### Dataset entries
──────
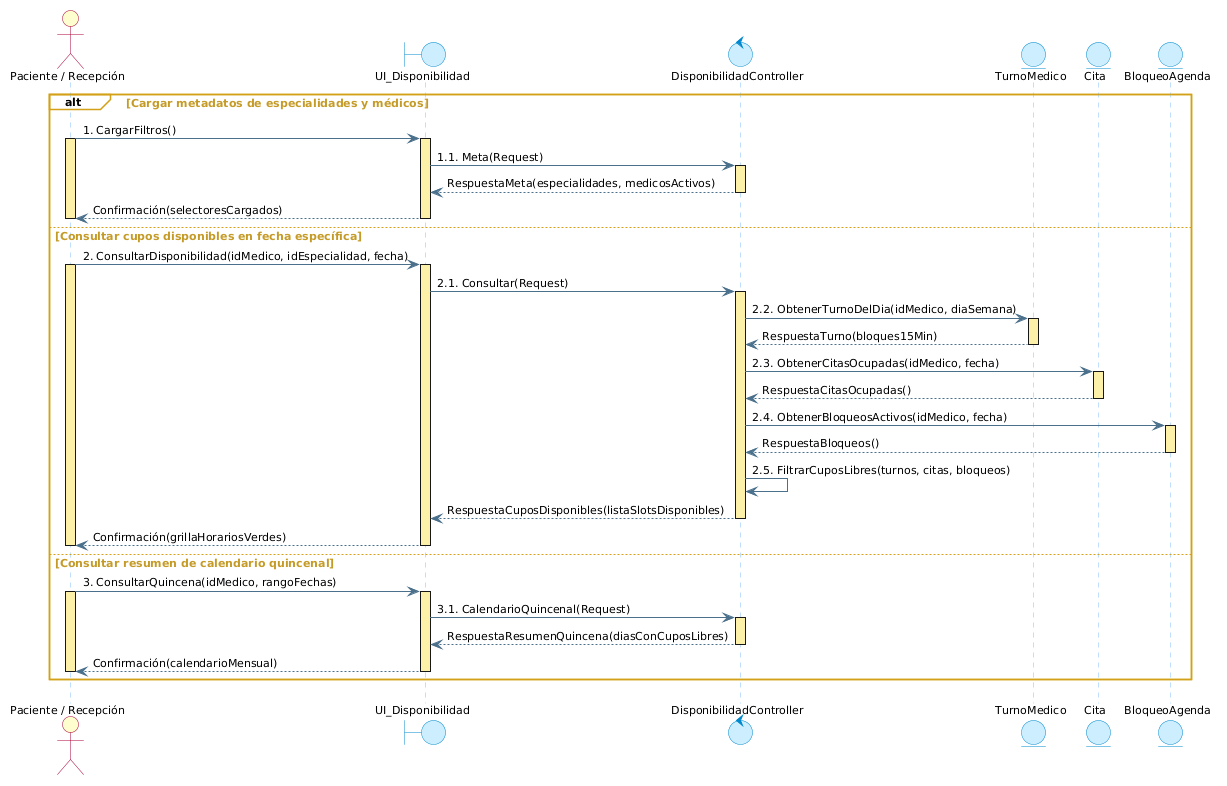

The diagram above was rendered by PlantUML. Its source (embedded in the PNG):
@startuml cu09_secuencia_consultar_disponibilidad
skinparam backgroundColor white
skinparam defaultFontName "Segoe UI"
skinparam defaultFontSize 11

' Estilo Enterprise Architect (Actor - Boundary - Control - Entity)
skinparam actorBackgroundColor #FEFECE
skinparam actorBorderColor #A80036

skinparam boundaryBackgroundColor #CCEEFF
skinparam boundaryBorderColor #0088CC

skinparam controlBackgroundColor #CCEEFF
skinparam controlBorderColor #0088CC

skinparam entityBackgroundColor #CCEEFF
skinparam entityBorderColor #0088CC

' Líneas de vida celestes y Barras de activación amarillas (Idénticas a Enterprise Architect)
skinparam sequenceLifeLineBorderColor #80BFFF
skinparam sequenceLifeLineBackgroundColor #FDF1A9
skinparam sequenceLifeLineBorderThickness 1

' Flechas estilo Enterprise Architect
skinparam sequenceArrowColor #4A708B
skinparam sequenceArrowFontColor #000000
skinparam sequenceArrowFontSize 11

' Fragmento ALT estilo Enterprise Architect (Borde y pestaña dorada)
skinparam sequenceGroupBorderColor #D4A017
skinparam sequenceGroupBackgroundColor transparent
skinparam sequenceGroupHeaderBackgroundColor #FDD050
skinparam sequenceGroupHeaderBorderColor #D4A017
skinparam sequenceGroupHeaderFontColor #000000
skinparam sequenceGroupFontColor #C59B27
skinparam sequenceGroupFontSize 11
skinparam sequenceGroupFontStyle bold

actor "Paciente / Recepción" as UsuarioActor
boundary "UI_Disponibilidad" as UI
control "DisponibilidadController" as Control
entity "TurnoMedico" as Turno
entity "Cita" as Cita
entity "BloqueoAgenda" as Bloqueo

alt Cargar metadatos de especialidades y médicos
    UsuarioActor -> UI : 1. CargarFiltros()
    activate UsuarioActor #FDF1A9
    activate UI #FDF1A9
    
    UI -> Control : 1.1. Meta(Request)
    activate Control #FDF1A9
    
    Control --> UI : RespuestaMeta(especialidades, medicosActivos)
    deactivate Control
    
    UI --> UsuarioActor : Confirmación(selectoresCargados)
    deactivate UI
    deactivate UsuarioActor

else Consultar cupos disponibles en fecha específica
    UsuarioActor -> UI : 2. ConsultarDisponibilidad(idMedico, idEspecialidad, fecha)
    activate UsuarioActor #FDF1A9
    activate UI #FDF1A9
    
    UI -> Control : 2.1. Consultar(Request)
    activate Control #FDF1A9
    
    Control -> Turno : 2.2. ObtenerTurnoDelDia(idMedico, diaSemana)
    activate Turno #FDF1A9
    Turno --> Control : RespuestaTurno(bloques15Min)
    deactivate Turno
    
    Control -> Cita : 2.3. ObtenerCitasOcupadas(idMedico, fecha)
    activate Cita #FDF1A9
    Cita --> Control : RespuestaCitasOcupadas()
    deactivate Cita
    
    Control -> Bloqueo : 2.4. ObtenerBloqueosActivos(idMedico, fecha)
    activate Bloqueo #FDF1A9
    Bloqueo --> Control : RespuestaBloqueos()
    deactivate Bloqueo
    
    Control -> Control : 2.5. FiltrarCuposLibres(turnos, citas, bloqueos)
    
    Control --> UI : RespuestaCuposDisponibles(listaSlotsDisponibles)
    deactivate Control
    
    UI --> UsuarioActor : Confirmación(grillaHorariosVerdes)
    deactivate UI
    deactivate UsuarioActor

else Consultar resumen de calendario quincenal
    UsuarioActor -> UI : 3. ConsultarQuincena(idMedico, rangoFechas)
    activate UsuarioActor #FDF1A9
    activate UI #FDF1A9
    
    UI -> Control : 3.1. CalendarioQuincenal(Request)
    activate Control #FDF1A9
    
    Control --> UI : RespuestaResumenQuincena(diasConCuposLibres)
    deactivate Control
    
    UI --> UsuarioActor : Confirmación(calendarioMensual)
    deactivate UI
    deactivate UsuarioActor
end
@enduml
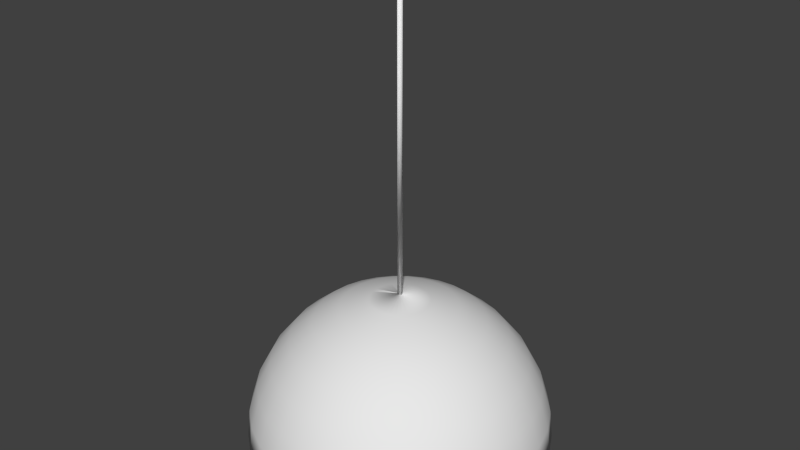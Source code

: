 # Source: lamp.blend  (saved by Blender 2.73.0; exported with 4.5.12 LTS)
import bpy
from mathutils import Matrix  # noqa: F401  (used for matrix-valued properties, if any)

bpy.ops.wm.read_factory_settings(use_empty=True)
scene = bpy.context.scene
scene.name = 'Scene'

# ---- collections
col_collection_1 = bpy.data.collections.new('Collection 1'); scene.collection.children.link(col_collection_1)

# ---- world
world_world = bpy.data.worlds.new('World'); scene.world = world_world
world_world.color = (0.05088, 0.05088, 0.05088)
world_world.use_sun_shadow = False
world_world.sun_shadow_jitter_overblur = 0.0
world_world.cycles.sampling_method = 'MANUAL'
world_world.cycles.sample_map_resolution = 256

# ---- meshes
me_sphere = bpy.data.meshes.new('Sphere')
me_sphere.from_pydata([(-0.1951, 0.9808, -4.287e-08), (-0.3827, 0.9239, -4.038e-08), (-0.5556, 0.8315, -3.634e-08), (-0.7071, 0.7071, -3.091e-08), (-0.8315, 0.5556, -2.428e-08), (-0.9239, 0.3827, -1.673e-08), (-0.9808, 0.1951, -8.528e-09), (-1.0, 7.55e-08, -3.3e-15), (-0.1913, 0.9808, -0.03806), (-0.3753, 0.9239, -0.07466), (-0.5449, 0.8315, -0.1084), (-0.6935, 0.7071, -0.1379), (-0.8155, 0.5556, -0.1622), (-0.9061, 0.3827, -0.1802), (-0.9619, 0.1951, -0.1913), (-0.9808, 6.697e-08, -0.1951), (-0.1802, 0.9808, -0.07466), (-0.3536, 0.9239, -0.1464), (-0.5133, 0.8315, -0.2126), (-0.6533, 0.7071, -0.2706), (-0.7682, 0.5556, -0.3182), (-0.8536, 0.3827, -0.3536), (-0.9061, 0.1951, -0.3753), (-0.9239, 5.877e-08, -0.3827), (-0.1622, 0.9808, -0.1084), (-0.3182, 0.9239, -0.2126), (-0.4619, 0.8315, -0.3087), (-0.5879, 0.7071, -0.3928), (-0.6913, 0.5556, -0.4619), (-0.7682, 0.3827, -0.5133), (-0.8155, 0.1951, -0.5449), (-0.8315, 5.121e-08, -0.5556), (-0.1379, 0.9808, -0.1379), (-0.2706, 0.9239, -0.2706), (-0.3928, 0.8315, -0.3928), (-0.5, 0.7071, -0.5), (-0.5879, 0.5556, -0.5879), (-0.6533, 0.3827, -0.6533), (-0.6935, 0.1951, -0.6935), (-0.7071, 4.459e-08, -0.7071), (-0.1084, 0.9808, -0.1622), (-0.2126, 0.9239, -0.3182), (-0.3087, 0.8315, -0.4619), (-0.3928, 0.7071, -0.5879), (-0.4619, 0.5556, -0.6913), (-0.5133, 0.3827, -0.7682), (-0.5449, 0.1951, -0.8155), (-0.5556, 3.915e-08, -0.8315), (-0.07466, 0.9808, -0.1802), (-0.1464, 0.9239, -0.3536), (-0.2126, 0.8315, -0.5133), (-0.2706, 0.7071, -0.6533), (-0.3182, 0.5556, -0.7682), (-0.3536, 0.3827, -0.8536), (-0.3753, 0.1951, -0.9061), (-0.3827, 3.511e-08, -0.9239), (-0.03806, 0.9808, -0.1913), (-0.07466, 0.9239, -0.3753), (-0.1084, 0.8315, -0.5449), (-0.1379, 0.7071, -0.6935), (-0.1622, 0.5556, -0.8155), (-0.1802, 0.3827, -0.9061), (-0.1913, 0.1951, -0.9619), (-0.1951, 3.263e-08, -0.9808), (3.266e-07, 0.9808, -0.1951), (3.192e-07, 0.9239, -0.3827), (3.117e-07, 0.8315, -0.5556), (3.192e-07, 0.7071, -0.7071), (3.341e-07, 0.5556, -0.8315), (2.745e-07, 0.3827, -0.9239), (3.937e-07, 0.1951, -0.9808), (3.788e-07, 3.179e-08, -1.0), (0.03806, 0.9808, -0.1913), (0.07466, 0.9239, -0.3753), (0.1084, 0.8315, -0.5449), (0.138, 0.7071, -0.6935), (0.1622, 0.5556, -0.8155), (0.1802, 0.3827, -0.9061), (0.1913, 0.1951, -0.9619), (0.1951, 3.263e-08, -0.9808), (-0.01114, 1.019, 0.004616), (0.07466, 0.9808, -0.1802), (0.1464, 0.9239, -0.3536), (0.2126, 0.8315, -0.5133), (0.2706, 0.7071, -0.6533), (0.3182, 0.5556, -0.7682), (0.3536, 0.3827, -0.8536), (0.3753, 0.1951, -0.9061), (0.3827, 3.511e-08, -0.9239), (0.1084, 0.9808, -0.1622), (0.2126, 0.9239, -0.3182), (0.3087, 0.8315, -0.4619), (0.3928, 0.7071, -0.5879), (0.4619, 0.5556, -0.6913), (0.5133, 0.3827, -0.7682), (0.5449, 0.1951, -0.8155), (0.5556, 3.915e-08, -0.8315), (0.138, 0.9808, -0.1379), (0.2706, 0.9239, -0.2706), (0.3928, 0.8315, -0.3928), (0.5, 0.7071, -0.5), (0.5879, 0.5556, -0.5879), (0.6533, 0.3827, -0.6533), (0.6935, 0.1951, -0.6935), (0.7071, 4.459e-08, -0.7071), (0.1622, 0.9808, -0.1084), (0.3182, 0.9239, -0.2126), (0.4619, 0.8315, -0.3087), (0.5879, 0.7071, -0.3928), (0.6913, 0.5556, -0.4619), (0.7682, 0.3827, -0.5133), (0.8155, 0.1951, -0.5449), (0.8315, 5.121e-08, -0.5556), (0.1802, 0.9808, -0.07466), (0.3536, 0.9239, -0.1464), (0.5133, 0.8315, -0.2126), (0.6533, 0.7071, -0.2706), (0.7682, 0.5556, -0.3182), (0.8536, 0.3827, -0.3536), (0.9061, 0.1951, -0.3753), (0.9239, 5.877e-08, -0.3827), (0.1913, 0.9808, -0.03806), (0.3753, 0.9239, -0.07466), (0.5449, 0.8315, -0.1084), (0.6935, 0.7071, -0.1379), (0.8155, 0.5556, -0.1622), (0.9061, 0.3827, -0.1802), (0.9619, 0.1951, -0.1913), (0.9808, 6.697e-08, -0.1951), (0.1951, 0.9808, -3.566e-08), (0.3827, 0.9239, -8.16e-08), (0.5556, 0.8315, -6.266e-08), (0.7071, 0.7071, -5.07e-09), (0.8315, 0.5556, 6.116e-08), (0.9239, 0.3827, -8.03e-08), (0.9808, 0.1951, 7.692e-08), (1.0, 7.55e-08, 1.003e-07), (0.1913, 0.9808, 0.03806), (0.3753, 0.9239, 0.07466), (0.5449, 0.8315, 0.1084), (0.6935, 0.7071, 0.1379), (0.8155, 0.5556, 0.1622), (0.9061, 0.3827, 0.1802), (0.9619, 0.1951, 0.1913), (0.9808, 8.403e-08, 0.1951), (0.1802, 0.9808, 0.07466), (0.3536, 0.9239, 0.1464), (0.5133, 0.8315, 0.2126), (0.6533, 0.7071, 0.2706), (0.7682, 0.5556, 0.3182), (0.8536, 0.3827, 0.3536), (0.9061, 0.1951, 0.3753), (0.9239, 9.223e-08, 0.3827), (0.1622, 0.9808, 0.1084), (0.3182, 0.9239, 0.2126), (0.4619, 0.8315, 0.3087), (0.5879, 0.7071, 0.3928), (0.6913, 0.5556, 0.4619), (0.7682, 0.3827, 0.5133), (0.8155, 0.1951, 0.5449), (0.8315, 9.978e-08, 0.5556), (0.138, 0.9808, 0.1379), (0.2706, 0.9239, 0.2706), (0.3928, 0.8315, 0.3928), (0.5, 0.7071, 0.5), (0.5879, 0.5556, 0.5879), (0.6533, 0.3827, 0.6533), (0.6935, 0.1951, 0.6935), (0.7071, 1.064e-07, 0.7071), (0.1084, 0.9808, 0.1622), (0.2126, 0.9239, 0.3182), (0.3087, 0.8315, 0.4619), (0.3928, 0.7071, 0.5879), (0.4619, 0.5556, 0.6913), (0.5133, 0.3827, 0.7682), (0.5449, 0.1951, 0.8155), (0.5556, 1.118e-07, 0.8315), (0.07466, 0.9808, 0.1802), (0.1464, 0.9239, 0.3536), (0.2126, 0.8315, 0.5133), (0.2706, 0.7071, 0.6533), (0.3182, 0.5556, 0.7682), (0.3536, 0.3827, 0.8536), (0.3753, 0.1951, 0.9061), (0.3827, 1.159e-07, 0.9239), (0.03806, 0.9808, 0.1913), (0.07466, 0.9239, 0.3753), (0.1084, 0.8315, 0.5449), (0.1379, 0.7071, 0.6935), (0.1622, 0.5556, 0.8155), (0.1802, 0.3827, 0.9061), (0.1913, 0.1951, 0.9619), (0.1951, 1.184e-07, 0.9808), (3.117e-07, 0.9808, 0.1951), (2.819e-07, 0.9239, 0.3827), (2.819e-07, 0.8315, 0.5556), (1.851e-07, 0.7071, 0.7071), (1.404e-07, 0.5556, 0.8315), (3.192e-07, 0.3827, 0.9239), (9.567e-08, 0.1951, 0.9808), (1.404e-07, 1.192e-07, 1.0), (-0.03806, 0.9808, 0.1913), (-0.07466, 0.9239, 0.3753), (-0.1084, 0.8315, 0.5449), (-0.1379, 0.7071, 0.6935), (-0.1622, 0.5556, 0.8155), (-0.1802, 0.3827, 0.9061), (-0.1913, 0.1951, 0.9619), (-0.1951, 1.184e-07, 0.9808), (-0.07466, 0.9808, 0.1802), (-0.1464, 0.9239, 0.3536), (-0.2126, 0.8315, 0.5133), (-0.2706, 0.7071, 0.6533), (-0.3182, 0.5556, 0.7682), (-0.3536, 0.3827, 0.8536), (-0.3753, 0.1951, 0.9061), (-0.3827, 1.159e-07, 0.9239), (-0.1084, 0.9808, 0.1622), (-0.2126, 0.9239, 0.3182), (-0.3087, 0.8315, 0.4619), (-0.3928, 0.7071, 0.5879), (-0.4619, 0.5556, 0.6913), (-0.5133, 0.3827, 0.7682), (-0.5449, 0.1951, 0.8155), (-0.5556, 1.118e-07, 0.8315), (-0.1379, 0.9808, 0.1379), (-0.2706, 0.9239, 0.2706), (-0.3928, 0.8315, 0.3928), (-0.5, 0.7071, 0.5), (-0.5879, 0.5556, 0.5879), (-0.6533, 0.3827, 0.6533), (-0.6935, 0.1951, 0.6935), (-0.7071, 1.064e-07, 0.7071), (-0.1622, 0.9808, 0.1084), (-0.3182, 0.9239, 0.2126), (-0.4619, 0.8315, 0.3087), (-0.5879, 0.7071, 0.3928), (-0.6913, 0.5556, 0.4619), (-0.7682, 0.3827, 0.5133), (-0.8155, 0.1951, 0.5449), (-0.8315, 9.978e-08, 0.5556), (2.48e-08, 1.0, 8.098e-08), (-0.1802, 0.9808, 0.07466), (-0.3536, 0.9239, 0.1464), (-0.5133, 0.8315, 0.2126), (-0.6533, 0.7071, 0.2706), (-0.7682, 0.5556, 0.3182), (-0.8536, 0.3827, 0.3536), (-0.9061, 0.1951, 0.3753), (-0.9239, 9.223e-08, 0.3827), (-0.1913, 0.9808, 0.03806), (-0.3753, 0.9239, 0.07466), (-0.5449, 0.8315, 0.1084), (-0.6935, 0.7071, 0.1379), (-0.8155, 0.5556, 0.1622), (-0.9061, 0.3827, 0.1802), (-0.9619, 0.1951, 0.1913), (-0.9808, 8.403e-08, 0.1951), (-0.01206, 1.019, -8.163e-10), (-0.01183, 1.019, -0.002353), (-0.01003, 1.019, -0.006701), (-0.008528, 1.019, -0.008529), (-0.006701, 1.019, -0.01003), (-0.004616, 1.019, -0.01114), (-0.002353, 1.019, -0.01183), (1.66e-07, 1.019, -0.01206), (0.002353, 1.019, -0.01183), (0.004616, 1.019, -0.01114), (0.006701, 1.019, -0.01003), (0.008529, 1.019, -0.008529), (0.01003, 1.019, -0.006701), (0.01114, 1.019, -0.004616), (0.01183, 1.019, -0.002353), (0.01206, 1.019, -3.704e-10), (0.01183, 1.019, 0.002353), (0.01114, 1.019, 0.004616), (0.01003, 1.019, 0.006701), (0.008529, 1.019, 0.008529), (0.006701, 1.019, 0.01003), (0.004616, 1.019, 0.01114), (0.002353, 1.019, 0.01183), (1.651e-07, 1.019, 0.01206), (-0.002353, 1.019, 0.01183), (-0.004615, 1.019, 0.01114), (-0.006701, 1.019, 0.01003), (-0.008528, 1.019, 0.008529), (-0.01003, 1.019, 0.006701), (-0.01183, 1.019, 0.002353), (-0.01114, 1.019, -0.004616), (-0.01114, 3.001, 0.004616), (2.48e-08, 3.001, -6.466e-09), (-0.01206, 3.001, -8.744e-08), (-0.01183, 3.001, -0.002353), (-0.01003, 3.001, -0.006701), (-0.008528, 3.001, -0.008529), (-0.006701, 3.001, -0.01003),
──────
Copy every line from the records above that contains the string "cycles".

### Exercise result
world_world.cycles.sampling_method = 'MANUAL'
world_world.cycles.sample_map_resolution = 256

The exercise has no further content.